(Stored items)

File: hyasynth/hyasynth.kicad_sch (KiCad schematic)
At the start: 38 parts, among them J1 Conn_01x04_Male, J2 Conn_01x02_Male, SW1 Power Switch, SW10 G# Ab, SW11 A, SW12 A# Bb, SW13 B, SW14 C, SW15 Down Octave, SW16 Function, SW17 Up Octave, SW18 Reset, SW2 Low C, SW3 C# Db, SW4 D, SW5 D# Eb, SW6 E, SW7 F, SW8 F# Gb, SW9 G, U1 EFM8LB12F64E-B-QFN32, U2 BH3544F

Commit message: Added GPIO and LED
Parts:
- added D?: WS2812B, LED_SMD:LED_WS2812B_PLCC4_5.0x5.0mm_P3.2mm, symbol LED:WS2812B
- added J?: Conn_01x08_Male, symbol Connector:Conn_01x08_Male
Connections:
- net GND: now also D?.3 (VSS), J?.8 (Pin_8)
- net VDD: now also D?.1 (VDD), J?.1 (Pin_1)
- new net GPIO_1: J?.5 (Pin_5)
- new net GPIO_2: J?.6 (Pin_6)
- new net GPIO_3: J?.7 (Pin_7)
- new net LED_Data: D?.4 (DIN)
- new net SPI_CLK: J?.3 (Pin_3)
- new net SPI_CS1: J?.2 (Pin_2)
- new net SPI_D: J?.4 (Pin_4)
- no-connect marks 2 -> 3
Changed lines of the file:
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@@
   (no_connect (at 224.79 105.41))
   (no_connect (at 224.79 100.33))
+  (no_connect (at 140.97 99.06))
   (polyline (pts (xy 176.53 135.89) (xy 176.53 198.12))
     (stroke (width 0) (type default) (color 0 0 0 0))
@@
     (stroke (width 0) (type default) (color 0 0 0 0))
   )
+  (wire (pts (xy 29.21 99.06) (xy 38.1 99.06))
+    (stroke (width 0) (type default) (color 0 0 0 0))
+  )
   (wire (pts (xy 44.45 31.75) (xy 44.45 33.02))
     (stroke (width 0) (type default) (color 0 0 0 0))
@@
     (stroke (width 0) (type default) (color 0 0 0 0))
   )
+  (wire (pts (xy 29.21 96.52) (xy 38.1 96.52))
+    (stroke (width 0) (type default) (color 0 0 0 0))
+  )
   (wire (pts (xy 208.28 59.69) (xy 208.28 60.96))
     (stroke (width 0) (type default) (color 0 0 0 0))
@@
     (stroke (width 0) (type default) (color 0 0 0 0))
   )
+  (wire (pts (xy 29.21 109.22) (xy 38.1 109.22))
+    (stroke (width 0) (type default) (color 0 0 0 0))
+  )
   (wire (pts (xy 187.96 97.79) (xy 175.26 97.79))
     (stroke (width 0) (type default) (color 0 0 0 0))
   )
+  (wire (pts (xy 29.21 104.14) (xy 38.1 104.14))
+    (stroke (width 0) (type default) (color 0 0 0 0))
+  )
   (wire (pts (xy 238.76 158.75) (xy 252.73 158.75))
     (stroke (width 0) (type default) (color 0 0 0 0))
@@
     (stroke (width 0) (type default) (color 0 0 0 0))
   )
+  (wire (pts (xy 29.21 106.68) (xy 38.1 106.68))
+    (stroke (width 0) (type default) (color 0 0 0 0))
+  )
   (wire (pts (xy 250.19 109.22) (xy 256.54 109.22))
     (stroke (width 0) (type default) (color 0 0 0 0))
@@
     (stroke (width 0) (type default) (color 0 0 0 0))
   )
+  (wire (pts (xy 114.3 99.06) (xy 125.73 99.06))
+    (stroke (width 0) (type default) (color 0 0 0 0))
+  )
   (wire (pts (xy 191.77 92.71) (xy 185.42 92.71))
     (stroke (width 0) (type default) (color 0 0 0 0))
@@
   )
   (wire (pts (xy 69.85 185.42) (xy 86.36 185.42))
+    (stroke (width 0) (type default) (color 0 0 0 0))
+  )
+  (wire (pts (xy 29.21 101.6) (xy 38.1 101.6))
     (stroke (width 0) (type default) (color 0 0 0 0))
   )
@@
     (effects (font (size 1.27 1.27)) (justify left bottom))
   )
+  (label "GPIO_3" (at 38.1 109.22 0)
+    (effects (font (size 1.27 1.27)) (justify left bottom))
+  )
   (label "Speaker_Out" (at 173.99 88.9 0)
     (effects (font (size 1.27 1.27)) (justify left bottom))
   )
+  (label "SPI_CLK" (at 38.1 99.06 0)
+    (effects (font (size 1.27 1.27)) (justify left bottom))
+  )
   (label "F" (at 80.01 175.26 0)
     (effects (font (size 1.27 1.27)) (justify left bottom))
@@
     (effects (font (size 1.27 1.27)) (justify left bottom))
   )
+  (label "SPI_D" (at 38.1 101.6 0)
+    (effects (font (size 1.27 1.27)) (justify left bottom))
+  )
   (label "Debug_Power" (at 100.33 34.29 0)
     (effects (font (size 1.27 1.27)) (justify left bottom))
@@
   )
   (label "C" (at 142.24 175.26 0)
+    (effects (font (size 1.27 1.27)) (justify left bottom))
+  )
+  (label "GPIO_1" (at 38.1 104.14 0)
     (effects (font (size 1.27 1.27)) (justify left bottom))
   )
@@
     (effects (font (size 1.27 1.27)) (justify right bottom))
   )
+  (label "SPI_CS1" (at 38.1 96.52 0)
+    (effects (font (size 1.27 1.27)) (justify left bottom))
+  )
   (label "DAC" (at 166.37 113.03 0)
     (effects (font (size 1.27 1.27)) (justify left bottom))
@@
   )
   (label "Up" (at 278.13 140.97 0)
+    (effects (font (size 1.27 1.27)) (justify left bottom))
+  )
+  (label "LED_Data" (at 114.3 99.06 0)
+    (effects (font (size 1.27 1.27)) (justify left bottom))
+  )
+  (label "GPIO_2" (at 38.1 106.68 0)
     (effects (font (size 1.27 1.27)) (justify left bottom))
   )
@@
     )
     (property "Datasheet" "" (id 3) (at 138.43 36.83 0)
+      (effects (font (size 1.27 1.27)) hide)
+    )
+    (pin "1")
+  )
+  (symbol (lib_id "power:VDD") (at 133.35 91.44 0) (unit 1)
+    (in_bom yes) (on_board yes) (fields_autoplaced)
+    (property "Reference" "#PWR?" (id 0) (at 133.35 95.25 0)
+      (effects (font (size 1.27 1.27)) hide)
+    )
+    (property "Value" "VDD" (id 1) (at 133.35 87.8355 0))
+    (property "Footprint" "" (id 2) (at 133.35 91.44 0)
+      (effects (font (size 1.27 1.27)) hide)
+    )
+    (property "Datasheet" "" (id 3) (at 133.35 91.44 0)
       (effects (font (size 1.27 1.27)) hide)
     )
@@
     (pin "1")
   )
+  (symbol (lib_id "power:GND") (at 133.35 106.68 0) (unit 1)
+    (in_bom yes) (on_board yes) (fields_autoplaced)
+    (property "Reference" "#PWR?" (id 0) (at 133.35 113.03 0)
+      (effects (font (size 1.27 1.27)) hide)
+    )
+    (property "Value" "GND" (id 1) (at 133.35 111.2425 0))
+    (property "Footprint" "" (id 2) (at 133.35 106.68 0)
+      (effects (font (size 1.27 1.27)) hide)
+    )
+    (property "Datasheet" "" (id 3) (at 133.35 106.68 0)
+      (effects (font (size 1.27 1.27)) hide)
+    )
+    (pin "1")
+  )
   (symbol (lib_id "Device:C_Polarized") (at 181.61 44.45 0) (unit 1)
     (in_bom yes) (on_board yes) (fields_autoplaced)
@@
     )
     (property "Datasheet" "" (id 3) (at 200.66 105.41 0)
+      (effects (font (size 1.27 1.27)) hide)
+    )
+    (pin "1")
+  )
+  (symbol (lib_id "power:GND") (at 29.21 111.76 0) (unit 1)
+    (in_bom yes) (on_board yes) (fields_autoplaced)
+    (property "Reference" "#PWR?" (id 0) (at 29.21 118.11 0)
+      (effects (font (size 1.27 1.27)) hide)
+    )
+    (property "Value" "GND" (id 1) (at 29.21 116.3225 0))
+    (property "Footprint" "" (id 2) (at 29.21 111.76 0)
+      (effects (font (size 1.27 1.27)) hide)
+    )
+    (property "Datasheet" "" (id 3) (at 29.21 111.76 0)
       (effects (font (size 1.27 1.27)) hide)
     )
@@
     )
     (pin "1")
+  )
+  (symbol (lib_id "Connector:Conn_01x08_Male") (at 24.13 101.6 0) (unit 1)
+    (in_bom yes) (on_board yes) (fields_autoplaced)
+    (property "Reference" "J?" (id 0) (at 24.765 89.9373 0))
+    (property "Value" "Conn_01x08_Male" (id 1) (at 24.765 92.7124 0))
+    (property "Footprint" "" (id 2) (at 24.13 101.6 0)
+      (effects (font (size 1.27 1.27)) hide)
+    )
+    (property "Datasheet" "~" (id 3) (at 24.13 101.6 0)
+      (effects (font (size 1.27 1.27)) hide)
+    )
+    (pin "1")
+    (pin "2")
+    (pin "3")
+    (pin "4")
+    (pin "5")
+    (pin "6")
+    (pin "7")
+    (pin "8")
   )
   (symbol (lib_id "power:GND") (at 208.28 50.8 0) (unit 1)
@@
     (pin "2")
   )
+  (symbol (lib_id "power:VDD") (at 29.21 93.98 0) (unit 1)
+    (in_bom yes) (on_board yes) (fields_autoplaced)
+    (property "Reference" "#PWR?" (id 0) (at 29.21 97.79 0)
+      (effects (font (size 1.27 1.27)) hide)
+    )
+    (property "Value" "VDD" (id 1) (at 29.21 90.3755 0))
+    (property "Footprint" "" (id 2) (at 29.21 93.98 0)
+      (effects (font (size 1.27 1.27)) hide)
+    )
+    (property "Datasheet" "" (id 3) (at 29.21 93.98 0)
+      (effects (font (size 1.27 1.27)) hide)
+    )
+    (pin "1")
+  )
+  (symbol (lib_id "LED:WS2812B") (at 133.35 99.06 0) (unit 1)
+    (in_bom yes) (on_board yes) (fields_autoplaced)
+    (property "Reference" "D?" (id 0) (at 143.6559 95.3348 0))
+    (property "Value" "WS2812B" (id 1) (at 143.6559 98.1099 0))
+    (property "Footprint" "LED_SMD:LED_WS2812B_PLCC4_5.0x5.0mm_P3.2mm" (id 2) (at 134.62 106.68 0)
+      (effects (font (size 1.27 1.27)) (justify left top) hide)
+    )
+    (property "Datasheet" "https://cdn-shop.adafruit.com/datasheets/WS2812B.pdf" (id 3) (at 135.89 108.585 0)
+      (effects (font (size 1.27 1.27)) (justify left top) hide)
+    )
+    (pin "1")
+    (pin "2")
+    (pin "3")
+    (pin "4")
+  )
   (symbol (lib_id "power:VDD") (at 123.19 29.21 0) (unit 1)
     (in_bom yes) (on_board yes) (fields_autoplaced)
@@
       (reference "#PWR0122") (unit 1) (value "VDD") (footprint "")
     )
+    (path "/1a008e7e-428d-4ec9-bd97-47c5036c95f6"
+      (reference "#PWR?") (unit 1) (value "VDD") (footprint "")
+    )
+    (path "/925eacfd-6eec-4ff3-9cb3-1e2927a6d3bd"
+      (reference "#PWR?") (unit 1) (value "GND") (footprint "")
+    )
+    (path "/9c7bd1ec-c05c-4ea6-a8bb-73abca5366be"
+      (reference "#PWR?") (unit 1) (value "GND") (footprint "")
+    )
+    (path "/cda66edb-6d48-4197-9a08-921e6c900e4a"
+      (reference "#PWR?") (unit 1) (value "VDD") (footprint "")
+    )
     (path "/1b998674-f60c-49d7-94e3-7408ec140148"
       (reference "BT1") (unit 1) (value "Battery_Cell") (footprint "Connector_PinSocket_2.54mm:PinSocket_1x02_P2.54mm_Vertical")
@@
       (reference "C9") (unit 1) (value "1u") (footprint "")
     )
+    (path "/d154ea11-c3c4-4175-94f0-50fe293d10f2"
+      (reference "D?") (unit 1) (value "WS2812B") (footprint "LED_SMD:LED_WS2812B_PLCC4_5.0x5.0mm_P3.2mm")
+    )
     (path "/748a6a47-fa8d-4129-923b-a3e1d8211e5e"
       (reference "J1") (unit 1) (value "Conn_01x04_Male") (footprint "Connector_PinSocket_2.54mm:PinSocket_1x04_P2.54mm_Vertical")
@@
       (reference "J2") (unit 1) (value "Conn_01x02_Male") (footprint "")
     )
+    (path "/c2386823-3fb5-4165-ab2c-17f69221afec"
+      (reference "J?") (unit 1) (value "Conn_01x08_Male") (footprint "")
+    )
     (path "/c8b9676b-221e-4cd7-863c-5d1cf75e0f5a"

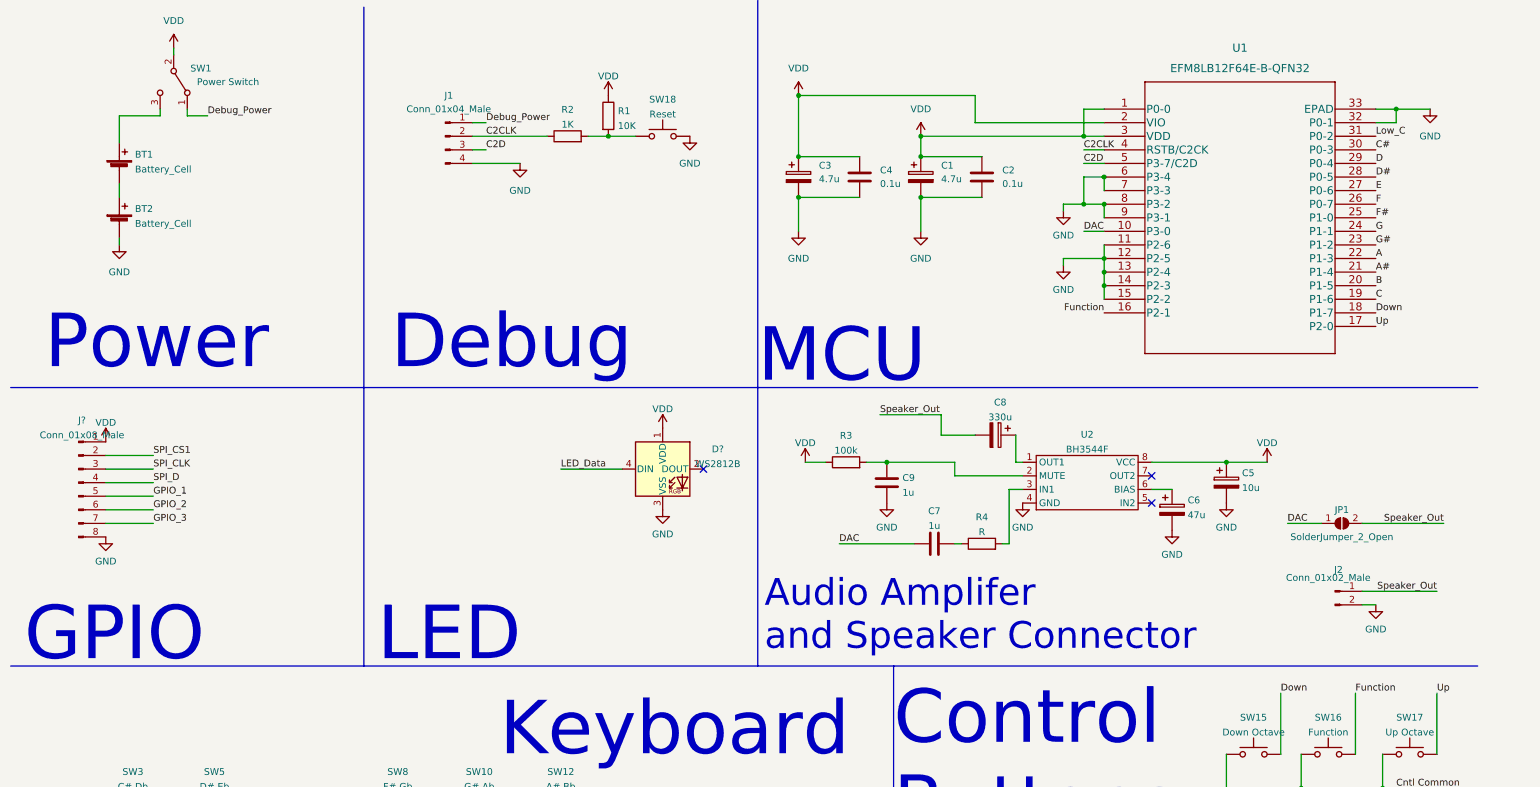
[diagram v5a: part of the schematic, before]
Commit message: Finished inital schematic design, added second amp, rearranged pins
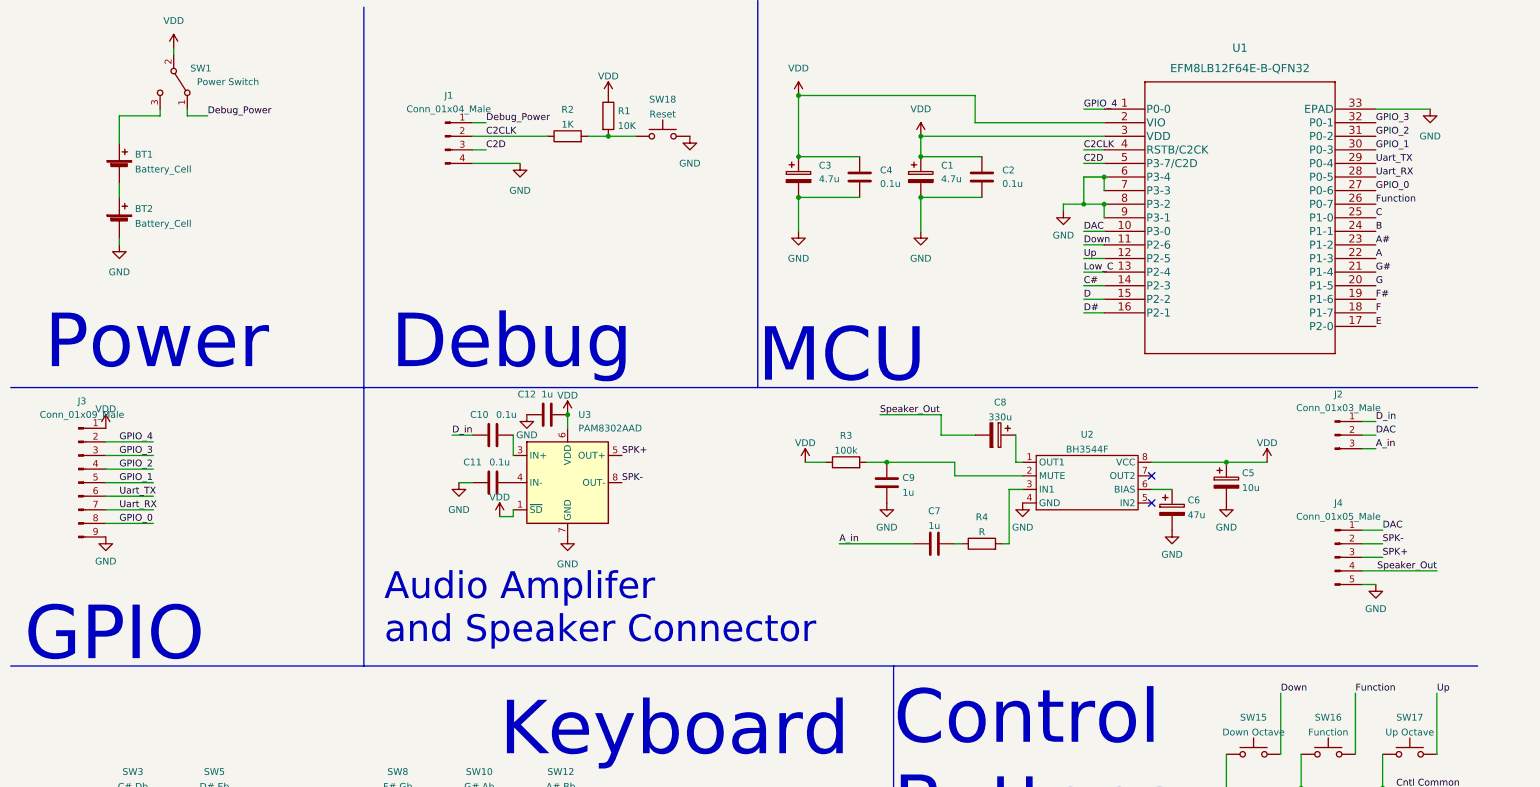
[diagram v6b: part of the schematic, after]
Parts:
- removed D?: WS2812B, LED_SMD:LED_WS2812B_PLCC4_5.0x5.0mm_P3.2mm, symbol LED:WS2812B
- removed J2: Conn_01x02_Male, symbol Connector:Conn_01x02_Male
- removed J?: Conn_01x08_Male, symbol Connector:Conn_01x08_Male
- removed JP1: SolderJumper_2_Open, symbol Jumper:SolderJumper_2_Open
- added C10, C11: 0.1u, symbol Device:C
- added C12: 1u, symbol Device:C
- added J2: Conn_01x03_Male, symbol Connector:Conn_01x03_Male
- added J3: Conn_01x09_Male, symbol Connector:Conn_01x09_Male
- added J4: Conn_01x05_Male, symbol Connector:Conn_01x05_Male
- added U3: PAM8302AAD, symbol Amplifier_Audio:PAM8302AAD
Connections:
- net A#: now also U1.23 (P1-2); no longer U1.21 (P1-4)
- net B: now also U1.24 (P1-1); no longer U1.20 (P1-5)
- net C: now also U1.25 (P1-0); no longer U1.19 (P1-6)
- net C#: now also U1.14 (P2-3); no longer U1.30 (P0-3)
- net D: now also U1.15 (P2-2); no longer U1.29 (P0-4)
- net D#: now also U1.16 (P2-1); no longer U1.28 (P0-5)
- net DAC: now also J2.2 (Pin_2), J4.1 (Pin_1); no longer C7.1
- net Down: now also U1.11 (P2-6); no longer U1.18 (P1-7)
- net E: now also U1.17 (P2-0); no longer U1.27 (P0-6)
- net F: now also U1.18 (P1-7); no longer U1.26 (P0-7)
- net F#: now also U1.19 (P1-6); no longer U1.25 (P1-0)
- net Function: now also U1.26 (P0-7); no longer U1.16 (P2-1)
- net G: now also U1.20 (P1-5); no longer U1.24 (P1-1)
- net G#: now also U1.21 (P1-4); no longer U1.23 (P1-2)
- net GND: now also C11.1, C12.1, J3.9 (Pin_9), J4.5 (Pin_5), U3.7 (GND); no longer U1.11 (P2-6), U1.12 (P2-5), U1.13 (P2-4), U1.14 (P2-3), U1.15 (P2-2), U1.32 (P0-1)
- net GPIO_1: now also U1.30 (P0-3), J3.5 (Pin_5)
- net GPIO_2: now also U1.31 (P0-2), J3.4 (Pin_4)
- net GPIO_3: now also U1.32 (P0-1), J3.3 (Pin_3)
- net Low_C: now also U1.13 (P2-4); no longer U1.31 (P0-2)
- net Speaker_Out: now also J4.4 (Pin_4)
- net Up: now also U1.12 (P2-5); no longer U1.17 (P2-0)
- net VDD: now also C12.2, J3.1 (Pin_1), U3.1 (~{SD}), U3.6 (VDD); no longer U1.1 (P0-0)
- new net: C10.2, U3.3 (IN+)
- new net: C11.2, U3.4 (IN-)
- new net A_in: C7.1, J2.3 (Pin_3)
- new net D_in: C10.1, J2.1 (Pin_1)
- new net GPIO_0: J3.8 (Pin_8), U1.27 (P0-6)
- new net GPIO_4: J3.2 (Pin_2), U1.1 (P0-0)
- new net SPK+: J4.3 (Pin_3), U3.5 (OUT+)
- new net SPK-: J4.2 (Pin_2), U3.8 (OUT-)
- new net Uart_RX: J3.7 (Pin_7), U1.28 (P0-5)
- new net Uart_TX: J3.6 (Pin_6), U1.29 (P0-4)
- no-connect marks 3 -> 2
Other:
- note removed: "LED"

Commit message: Footprint corrected
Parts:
- BT1, BT2: footprint Connector_PinSocket_2.54mm:PinSocket_1x02_P2.54mm_Vertical -> Battery:Battery AAA
- C1, C3: footprint (none) -> Capacitor_Tantalum_SMD:CP_EIA-6032-28_Kemet-C_Pad2.25x2.35mm_HandSolder
- C10, C11, C2, C4: footprint (none) -> Capacitor_SMD:C_0805_2012Metric_Pad1.18x1.45mm_HandSolder
- C12, C7, C9: footprint (none) -> Capacitor_Tantalum_SMD:CP_EIA-3528-21_Kemet-B_Pad1.50x2.35mm_HandSolder
- C5: footprint (none) -> Capacitor_Tantalum_SMD:CP_EIA-7343-31_Kemet-D_Pad2.25x2.55mm_HandSolder
- C6, C8: footprint (none) -> Capacitor_THT:CP_Radial_D8.0mm_P3.50mm
- J2, SW1: footprint (none) -> Connector_PinHeader_2.54mm:PinHeader_1x03_P2.54mm_Vertical
- J3: footprint (none) -> Connector_PinHeader_2.54mm:PinHeader_1x09_P2.54mm_Vertical
- J4: footprint (none) -> Connector_PinHeader_2.54mm:PinHeader_1x05_P2.54mm_Vertical
- R1, R2, R3, R4: footprint (none) -> Resistor_SMD:R_0805_2012Metric_Pad1.20x1.40mm_HandSolder
- U2: footprint (none) -> Package_SO:SOP-8_3.76x4.96mm_P1.27mm
- U3: footprint (none) -> Package_SO:MSOP-8_3x3mm_P0.65mm

*WHAT NEEDS TO BE DONE*
When a line of the records has the word "message", pick it out and copy it.

*OUTPUT*
Commit message: Added GPIO and LED
Commit message: Finished inital schematic design, added second amp, rearranged pins
Commit message: Footprint corrected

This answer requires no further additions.